10. A liquid crystal display panel, comprising: a TFT (Thin-Film Transistor) substrate, a CF (Color Filter) substrate that is opposite to and laminated on the TFT substrate, and a liquid crystal layer arranged between the TFT substrate and the CF substrate, the TFT substrate comprising a first glass substrate and a thin-film transistor array formed on the first glass substrate, the CF substrate comprising a second glass substrate and a black matrix, primary spacers, and secondary spacers formed on the second glass substrate, the first glass substrate and the second glass substrate having different thicknesses;

wherein the thickness of the first glass substrate is greater than the thickness of the second glass substrate.

11. The liquid crystal display panel as claimed in claim 10, wherein the thickness of the first glass substrate is 0.7 mm and the thickness of the second glass substrate is 0.5 mm.
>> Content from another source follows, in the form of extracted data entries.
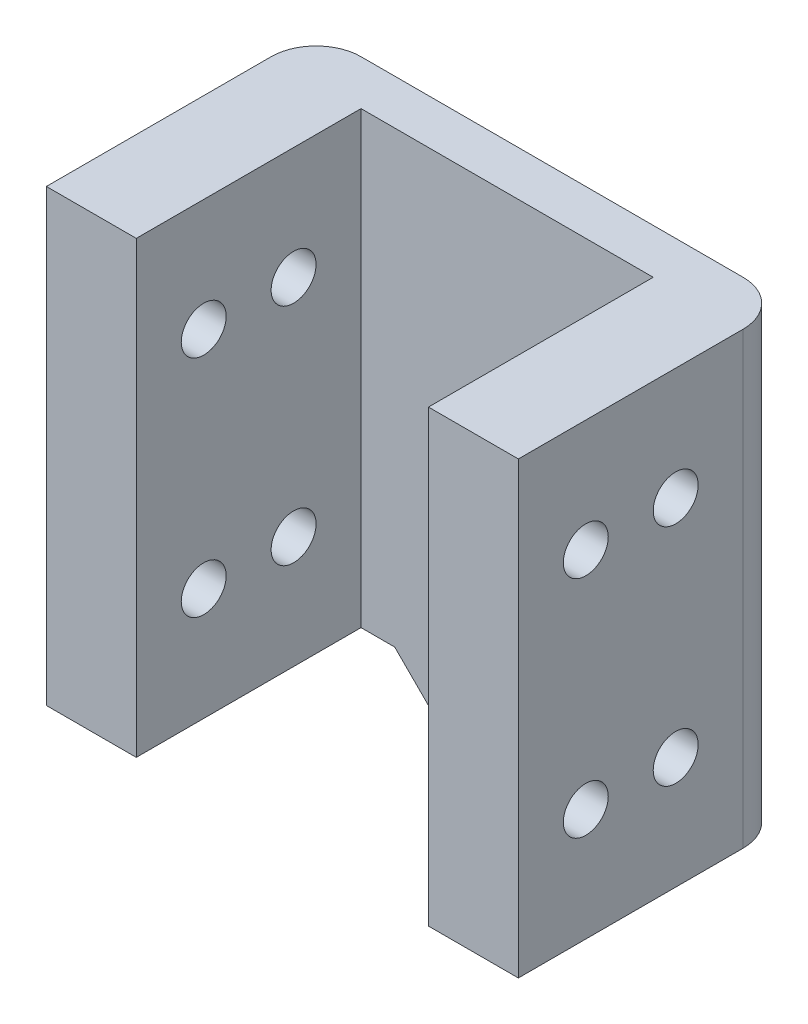
ISO-10303-21;
HEADER;
FILE_DESCRIPTION(('STEP AP214'),'2;1');
FILE_NAME('part.step','',(''),(''),'','','');
FILE_SCHEMA(('AUTOMOTIVE_DESIGN { 1 0 10303 214 1 1 1 1 }'));
ENDSEC;
DATA;
#1=APPLICATION_CONTEXT('core data for automotive mechanical design processes');
#2=APPLICATION_PROTOCOL_DEFINITION('international standard','automotive_design',2000,#1);
#3=PRODUCT_CONTEXT('',#1,'mechanical');
#4=PRODUCT('Part','Part','',(#3));
#5=PRODUCT_RELATED_PRODUCT_CATEGORY('part','',(#4));
#6=PRODUCT_DEFINITION_FORMATION('','',#4);
#7=PRODUCT_DEFINITION_CONTEXT('part definition',#1,'design');
#8=PRODUCT_DEFINITION('design','',#6,#7);
#9=PRODUCT_DEFINITION_SHAPE('','',#8);
#10=(LENGTH_UNIT() NAMED_UNIT(*) SI_UNIT(.MILLI.,.METRE.));
#11=(NAMED_UNIT(*) PLANE_ANGLE_UNIT() SI_UNIT($,.RADIAN.));
#12=(NAMED_UNIT(*) SI_UNIT($,.STERADIAN.) SOLID_ANGLE_UNIT());
#13=UNCERTAINTY_MEASURE_WITH_UNIT(LENGTH_MEASURE(1.E-05),#10,'distance_accuracy_value','');
#14=(GEOMETRIC_REPRESENTATION_CONTEXT(3) GLOBAL_UNCERTAINTY_ASSIGNED_CONTEXT((#13)) GLOBAL_UNIT_ASSIGNED_CONTEXT((#10,
#11,#12)) REPRESENTATION_CONTEXT('',''));
#15=CARTESIAN_POINT('',(0.,0.,0.));
#16=DIRECTION('',(0.,0.,1.));
#17=DIRECTION('',(1.,0.,0.));
#18=AXIS2_PLACEMENT_3D('',#15,#16,#17);
#19=CARTESIAN_POINT('',(0.,-20.,0.));
#20=DIRECTION('',(0.,1.,0.));
#21=DIRECTION('',(0.,0.,1.));
#22=AXIS2_PLACEMENT_3D('',#19,#20,#21);
#23=PLANE('',#22);
#24=DIRECTION('',(0.,0.,1.));
#25=VECTOR('',#24,1.);
#26=CARTESIAN_POINT('',(-21.,-20.,0.));
#27=LINE('',#26,#25);
#28=CARTESIAN_POINT('',(-21.,-20.,-20.));
#29=VERTEX_POINT('',#28);
#30=CARTESIAN_POINT('',(-21.,-20.,0.));
#31=VERTEX_POINT('',#30);
#32=EDGE_CURVE('E298',#29,#31,#27,.T.);
#33=ORIENTED_EDGE('',*,*,#32,.F.);
#34=CARTESIAN_POINT('',(-17.,-20.,-20.));
#35=DIRECTION('',(0.,1.,0.));
#36=DIRECTION('',(0.,0.,1.));
#37=AXIS2_PLACEMENT_3D('',#34,#35,#36);
#38=CIRCLE('',#37,4.);
#39=CARTESIAN_POINT('',(-17.,-20.,-24.));
#40=VERTEX_POINT('',#39);
#41=EDGE_CURVE('E382',#29,#40,#38,.F.);
#42=ORIENTED_EDGE('',*,*,#41,.T.);
#43=DIRECTION('',(-1.,0.,0.));
#44=VECTOR('',#43,1.);
#45=CARTESIAN_POINT('',(21.,-20.,-24.));
#46=LINE('',#45,#44);
#47=CARTESIAN_POINT('',(-9.99999999999998,-20.,-24.));
#48=VERTEX_POINT('',#47);
#49=EDGE_CURVE('E294',#48,#40,#46,.T.);
#50=ORIENTED_EDGE('',*,*,#49,.F.);
#51=DIRECTION('',(0.,0.,1.));
#52=VECTOR('',#51,1.);
#53=CARTESIAN_POINT('',(-9.99999999999998,-20.,-20.));
#54=LINE('',#53,#52);
#55=CARTESIAN_POINT('',(-9.99999999999998,-20.,-20.));
#56=VERTEX_POINT('',#55);
#57=EDGE_CURVE('E177',#48,#56,#54,.T.);
#58=ORIENTED_EDGE('',*,*,#57,.T.);
#59=DIRECTION('',(1.,0.,0.));
#60=VECTOR('',#59,1.);
#61=CARTESIAN_POINT('',(13.,-20.,-20.));
#62=LINE('',#61,#60);
#63=CARTESIAN_POINT('',(-13.,-20.,-20.));
#64=VERTEX_POINT('',#63);
#65=EDGE_CURVE('E309',#64,#56,#62,.T.);
#66=ORIENTED_EDGE('',*,*,#65,.F.);
#67=DIRECTION('',(0.,0.,-1.));
#68=VECTOR('',#67,1.);
#69=CARTESIAN_POINT('',(-13.,-20.,0.));
#70=LINE('',#69,#68);
#71=CARTESIAN_POINT('',(-13.,-20.,0.));
#72=VERTEX_POINT('',#71);
#73=EDGE_CURVE('E305',#72,#64,#70,.T.);
#74=ORIENTED_EDGE('',*,*,#73,.F.);
#75=DIRECTION('',(1.,0.,0.));
#76=VECTOR('',#75,1.);
#77=CARTESIAN_POINT('',(-13.,-20.,0.));
#78=LINE('',#77,#76);
#79=EDGE_CURVE('E302',#31,#72,#78,.T.);
#80=ORIENTED_EDGE('',*,*,#79,.F.);
#81=EDGE_LOOP('',(#33,#42,#50,#58,#66,#74,#80));
#82=FACE_BOUND('',#81,.T.);
#83=ADVANCED_FACE('F41',(#82),#23,.F.);
#84=CARTESIAN_POINT('',(17.,-20.,-24.));
#85=VERTEX_POINT('',#84);
#86=CARTESIAN_POINT('',(9.99999999999998,-20.,-24.));
#87=VERTEX_POINT('',#86);
#88=EDGE_CURVE('E295',#85,#87,#46,.T.);
#89=ORIENTED_EDGE('',*,*,#88,.F.);
#90=CARTESIAN_POINT('',(17.,-20.,-20.));
#91=DIRECTION('',(0.,1.,0.));
#92=DIRECTION('',(0.,0.,1.));
#93=AXIS2_PLACEMENT_3D('',#90,#91,#92);
#94=CIRCLE('',#93,4.);
#95=CARTESIAN_POINT('',(21.,-20.,-20.));
#96=VERTEX_POINT('',#95);
#97=EDGE_CURVE('E398',#85,#96,#94,.F.);
#98=ORIENTED_EDGE('',*,*,#97,.T.);
#99=DIRECTION('',(0.,0.,-1.));
#100=VECTOR('',#99,1.);
#101=CARTESIAN_POINT('',(21.,-20.,0.));
#102=LINE('',#101,#100);
#103=CARTESIAN_POINT('',(21.,-20.,0.));
#104=VERTEX_POINT('',#103);
#105=EDGE_CURVE('E290',#104,#96,#102,.T.);
#106=ORIENTED_EDGE('',*,*,#105,.F.);
#107=DIRECTION('',(1.,0.,0.));
#108=VECTOR('',#107,1.);
#109=CARTESIAN_POINT('',(13.,-20.,0.));
#110=LINE('',#109,#108);
#111=CARTESIAN_POINT('',(13.,-20.,0.));
#112=VERTEX_POINT('',#111);
#113=EDGE_CURVE('E257',#112,#104,#110,.T.);
#114=ORIENTED_EDGE('',*,*,#113,.F.);
#115=DIRECTION('',(0.,0.,1.));
#116=VECTOR('',#115,1.);
#117=CARTESIAN_POINT('',(13.,-20.,0.));
#118=LINE('',#117,#116);
#119=CARTESIAN_POINT('',(13.,-20.,-20.));
#120=VERTEX_POINT('',#119);
#121=EDGE_CURVE('E263',#120,#112,#118,.T.);
#122=ORIENTED_EDGE('',*,*,#121,.F.);
#123=CARTESIAN_POINT('',(9.99999999999998,-20.,-20.));
#124=VERTEX_POINT('',#123);
#125=EDGE_CURVE('E308',#124,#120,#62,.T.);
#126=ORIENTED_EDGE('',*,*,#125,.F.);
#127=DIRECTION('',(0.,0.,-1.));
#128=VECTOR('',#127,1.);
#129=CARTESIAN_POINT('',(9.99999999999998,-20.,-24.));
#130=LINE('',#129,#128);
#131=EDGE_CURVE('E171',#124,#87,#130,.T.);
#132=ORIENTED_EDGE('',*,*,#131,.T.);
#133=EDGE_LOOP('',(#89,#98,#106,#114,#122,#126,#132));
#134=FACE_BOUND('',#133,.T.);
#135=ADVANCED_FACE('F472',(#134),#23,.F.);
#136=CARTESIAN_POINT('',(13.,20.,0.));
#137=DIRECTION('',(0.,0.,-1.));
#138=DIRECTION('',(-1.,0.,0.));
#139=AXIS2_PLACEMENT_3D('',#136,#137,#138);
#140=PLANE('',#139);
#141=ORIENTED_EDGE('',*,*,#113,.T.);
#142=DIRECTION('',(0.,-1.,0.));
#143=VECTOR('',#142,1.);
#144=CARTESIAN_POINT('',(21.,20.,0.));
#145=LINE('',#144,#143);
#146=CARTESIAN_POINT('',(21.,20.,0.));
#147=VERTEX_POINT('',#146);
#148=EDGE_CURVE('E333',#147,#104,#145,.T.);
#149=ORIENTED_EDGE('',*,*,#148,.F.);
#150=DIRECTION('',(1.,0.,0.));
#151=VECTOR('',#150,1.);
#152=CARTESIAN_POINT('',(13.,20.,0.));
#153=LINE('',#152,#151);
#154=CARTESIAN_POINT('',(13.,20.,0.));
#155=VERTEX_POINT('',#154);
#156=EDGE_CURVE('E258',#155,#147,#153,.T.);
#157=ORIENTED_EDGE('',*,*,#156,.F.);
#158=DIRECTION('',(0.,-1.,0.));
#159=VECTOR('',#158,1.);
#160=CARTESIAN_POINT('',(13.,20.,0.));
#161=LINE('',#160,#159);
#162=EDGE_CURVE('E286',#155,#112,#161,.T.);
#163=ORIENTED_EDGE('',*,*,#162,.T.);
#164=EDGE_LOOP('',(#141,#149,#157,#163));
#165=FACE_BOUND('',#164,.T.);
#166=ADVANCED_FACE('F462',(#165),#140,.F.);
#167=CARTESIAN_POINT('',(21.,20.,0.));
#168=DIRECTION('',(-1.,0.,0.));
#169=DIRECTION('',(0.,0.,1.));
#170=AXIS2_PLACEMENT_3D('',#167,#168,#169);
#171=PLANE('',#170);
#172=CARTESIAN_POINT('',(21.,-10.,-6.));
#173=DIRECTION('',(1.,0.,0.));
#174=DIRECTION('',(0.,0.,1.));
#175=AXIS2_PLACEMENT_3D('',#172,#173,#174);
#176=CIRCLE('',#175,2.);
#177=CARTESIAN_POINT('',(21.,-10.,-4.));
#178=VERTEX_POINT('',#177);
#179=EDGE_CURVE('E192',#178,#178,#176,.T.);
#180=ORIENTED_EDGE('',*,*,#179,.F.);
#181=EDGE_LOOP('',(#180));
#182=FACE_BOUND('',#181,.T.);
#183=CARTESIAN_POINT('',(21.,-10.,-14.));
#184=DIRECTION('',(1.,0.,0.));
#185=DIRECTION('',(0.,0.,1.));
#186=AXIS2_PLACEMENT_3D('',#183,#184,#185);
#187=CIRCLE('',#186,2.);
#188=CARTESIAN_POINT('',(21.,-10.,-12.));
#189=VERTEX_POINT('',#188);
#190=EDGE_CURVE('E223',#189,#189,#187,.T.);
#191=ORIENTED_EDGE('',*,*,#190,.F.);
#192=EDGE_LOOP('',(#191));
#193=FACE_BOUND('',#192,.T.);
#194=CARTESIAN_POINT('',(21.,10.,-14.));
#195=DIRECTION('',(1.,0.,0.));
#196=DIRECTION('',(0.,0.,-1.));
#197=AXIS2_PLACEMENT_3D('',#194,#195,#196);
#198=CIRCLE('',#197,2.);
#199=CARTESIAN_POINT('',(21.,10.,-16.));
#200=VERTEX_POINT('',#199);
#201=EDGE_CURVE('E215',#200,#200,#198,.T.);
#202=ORIENTED_EDGE('',*,*,#201,.F.);
#203=EDGE_LOOP('',(#202));
#204=FACE_BOUND('',#203,.T.);
#205=CARTESIAN_POINT('',(21.,10.,-6.));
#206=DIRECTION('',(1.,0.,0.));
#207=DIRECTION('',(0.,0.,-1.));
#208=AXIS2_PLACEMENT_3D('',#205,#206,#207);
#209=CIRCLE('',#208,2.);
#210=CARTESIAN_POINT('',(21.,10.,-8.));
#211=VERTEX_POINT('',#210);
#212=EDGE_CURVE('E214',#211,#211,#209,.T.);
#213=ORIENTED_EDGE('',*,*,#212,.F.);
#214=EDGE_LOOP('',(#213));
#215=FACE_BOUND('',#214,.T.);
#216=ORIENTED_EDGE('',*,*,#105,.T.);
#217=DIRECTION('',(0.,-1.,0.));
#218=VECTOR('',#217,1.);
#219=CARTESIAN_POINT('',(21.,20.,-20.));
#220=LINE('',#219,#218);
#221=CARTESIAN_POINT('',(21.,20.,-20.));
#222=VERTEX_POINT('',#221);
#223=EDGE_CURVE('E401',#96,#222,#220,.F.);
#224=ORIENTED_EDGE('',*,*,#223,.T.);
#225=DIRECTION('',(0.,0.,-1.));
#226=VECTOR('',#225,1.);
#227=CARTESIAN_POINT('',(21.,20.,0.));
#228=LINE('',#227,#226);
#229=EDGE_CURVE('E262',#147,#222,#228,.T.);
#230=ORIENTED_EDGE('',*,*,#229,.F.);
#231=ORIENTED_EDGE('',*,*,#148,.T.);
#232=EDGE_LOOP('',(#216,#224,#230,#231));
#233=FACE_BOUND('',#232,.T.);
#234=ADVANCED_FACE('F465',(#182,#193,#204,#215,#233),#171,.F.);
#235=CARTESIAN_POINT('',(21.,20.,-24.));
#236=DIRECTION('',(0.,0.,1.));
#237=DIRECTION('',(1.,0.,0.));
#238=AXIS2_PLACEMENT_3D('',#235,#236,#237);
#239=PLANE('',#238);
#240=ORIENTED_EDGE('',*,*,#49,.T.);
#241=DIRECTION('',(0.,-1.,0.));
#242=VECTOR('',#241,1.);
#243=CARTESIAN_POINT('',(-17.,20.,-24.));
#244=LINE('',#243,#242);
#245=CARTESIAN_POINT('',(-17.,20.,-24.));
#246=VERTEX_POINT('',#245);
#247=EDGE_CURVE('E389',#40,#246,#244,.F.);
#248=ORIENTED_EDGE('',*,*,#247,.T.);
#249=DIRECTION('',(-1.,0.,0.));
#250=VECTOR('',#249,1.);
#251=CARTESIAN_POINT('',(21.,20.,-24.));
#252=LINE('',#251,#250);
#253=CARTESIAN_POINT('',(17.,20.,-24.));
#254=VERTEX_POINT('',#253);
#255=EDGE_CURVE('E267',#254,#246,#252,.T.);
#256=ORIENTED_EDGE('',*,*,#255,.F.);
#257=DIRECTION('',(0.,-1.,0.));
#258=VECTOR('',#257,1.);
#259=CARTESIAN_POINT('',(17.,20.,-24.));
#260=LINE('',#259,#258);
#261=EDGE_CURVE('E385',#254,#85,#260,.T.);
#262=ORIENTED_EDGE('',*,*,#261,.T.);
#263=ORIENTED_EDGE('',*,*,#88,.T.);
#264=EDGE_CURVE('E299',#87,#48,#46,.T.);
#265=ORIENTED_EDGE('',*,*,#264,.T.);
#266=EDGE_LOOP('',(#240,#248,#256,#262,#263,#265));
#267=FACE_BOUND('',#266,.T.);
#268=ADVANCED_FACE('F424',(#267),#239,.F.);
#269=CARTESIAN_POINT('',(-21.,20.,0.));
#270=DIRECTION('',(1.,0.,0.));
#271=DIRECTION('',(0.,0.,-1.));
#272=AXIS2_PLACEMENT_3D('',#269,#270,#271);
#273=PLANE('',#272);
#274=CARTESIAN_POINT('',(-21.,-10.,-6.));
#275=DIRECTION('',(1.,0.,0.));
#276=DIRECTION('',(0.,0.,1.));
#277=AXIS2_PLACEMENT_3D('',#274,#275,#276);
#278=CIRCLE('',#277,2.);
#279=CARTESIAN_POINT('',(-21.,-10.,-4.));
#280=VERTEX_POINT('',#279);
#281=EDGE_CURVE('E197',#280,#280,#278,.T.);
#282=ORIENTED_EDGE('',*,*,#281,.T.);
#283=EDGE_LOOP('',(#282));
#284=FACE_BOUND('',#283,.T.);
#285=CARTESIAN_POINT('',(-21.,-10.,-14.));
#286=DIRECTION('',(1.,0.,0.));
#287=DIRECTION('',(0.,0.,1.));
#288=AXIS2_PLACEMENT_3D('',#285,#286,#287);
#289=CIRCLE('',#288,2.);
#290=CARTESIAN_POINT('',(-21.,-10.,-12.));
#291=VERTEX_POINT('',#290);
#292=EDGE_CURVE('E219',#291,#291,#289,.T.);
#293=ORIENTED_EDGE('',*,*,#292,.T.);
#294=EDGE_LOOP('',(#293));
#295=FACE_BOUND('',#294,.T.);
#296=CARTESIAN_POINT('',(-21.,10.,-14.));
#297=DIRECTION('',(1.,0.,0.));
#298=DIRECTION('',(0.,0.,-1.));
#299=AXIS2_PLACEMENT_3D('',#296,#297,#298);
#300=CIRCLE('',#299,2.);
#301=CARTESIAN_POINT('',(-21.,10.,-16.));
#302=VERTEX_POINT('',#301);
#303=EDGE_CURVE('E210',#302,#302,#300,.T.);
#304=ORIENTED_EDGE('',*,*,#303,.T.);
#305=EDGE_LOOP('',(#304));
#306=FACE_BOUND('',#305,.T.);
#307=CARTESIAN_POINT('',(-21.,10.,-6.));
#308=DIRECTION('',(1.,0.,0.));
#309=DIRECTION('',(0.,0.,-1.));
#310=AXIS2_PLACEMENT_3D('',#307,#308,#309);
#311=CIRCLE('',#310,2.);
#312=CARTESIAN_POINT('',(-21.,10.,-8.));
#313=VERTEX_POINT('',#312);
#314=EDGE_CURVE('E230',#313,#313,#311,.T.);
#315=ORIENTED_EDGE('',*,*,#314,.T.);
#316=EDGE_LOOP('',(#315));
#317=FACE_BOUND('',#316,.T.);
#318=DIRECTION('',(0.,0.,1.));
#319=VECTOR('',#318,1.);
#320=CARTESIAN_POINT('',(-21.,20.,0.));
#321=LINE('',#320,#319);
#322=CARTESIAN_POINT('',(-21.,20.,-20.));
#323=VERTEX_POINT('',#322);
#324=CARTESIAN_POINT('',(-21.,20.,0.));
#325=VERTEX_POINT('',#324);
#326=EDGE_CURVE('E271',#323,#325,#321,.T.);
#327=ORIENTED_EDGE('',*,*,#326,.F.);
#328=DIRECTION('',(0.,-1.,0.));
#329=VECTOR('',#328,1.);
#330=CARTESIAN_POINT('',(-21.,20.,-20.));
#331=LINE('',#330,#329);
#332=EDGE_CURVE('E378',#323,#29,#331,.T.);
#333=ORIENTED_EDGE('',*,*,#332,.T.);
#334=ORIENTED_EDGE('',*,*,#32,.T.);
#335=DIRECTION('',(0.,-1.,0.));
#336=VECTOR('',#335,1.);
#337=CARTESIAN_POINT('',(-21.,20.,0.));
#338=LINE('',#337,#336);
#339=EDGE_CURVE('E329',#325,#31,#338,.T.);
#340=ORIENTED_EDGE('',*,*,#339,.F.);
#341=EDGE_LOOP('',(#327,#333,#334,#340));
#342=FACE_BOUND('',#341,.T.);
#343=ADVANCED_FACE('F438',(#284,#295,#306,#317,#342),#273,.F.);
#344=CARTESIAN_POINT('',(-13.,20.,0.));
#345=DIRECTION('',(0.,0.,-1.));
#346=DIRECTION('',(-1.,0.,0.));
#347=AXIS2_PLACEMENT_3D('',#344,#345,#346);
#348=PLANE('',#347);
#349=ORIENTED_EDGE('',*,*,#79,.T.);
#350=DIRECTION('',(0.,-1.,0.));
#351=VECTOR('',#350,1.);
#352=CARTESIAN_POINT('',(-13.,20.,0.));
#353=LINE('',#352,#351);
#354=CARTESIAN_POINT('',(-13.,20.,0.));
#355=VERTEX_POINT('',#354);
#356=EDGE_CURVE('E325',#355,#72,#353,.T.);
#357=ORIENTED_EDGE('',*,*,#356,.F.);
#358=DIRECTION('',(1.,0.,0.));
#359=VECTOR('',#358,1.);
#360=CARTESIAN_POINT('',(-13.,20.,0.));
#361=LINE('',#360,#359);
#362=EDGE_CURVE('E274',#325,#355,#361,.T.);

12. The liquid crystal display panel as claimed in claim 11, wherein the liquid crystal display panel is a 55-inch liquid crystal display panel, the black matrix having a width of 30 μm, the primary spacers having a distribution ratio of 0.0123%, the secondary spacers having a distribution ratio of 0.55%.

13. The liquid crystal display panel as claimed in claim 10, wherein the TFT substrate further comprises a first polarization film arranged on one side of the first glass substrate that is distant from the thin-film transistor array.

14. The liquid crystal display panel as claimed in claim 10, wherein the CF substrate further comprises a second polarization film arranged on one side of the second glass substrate that is distant from the black matrix.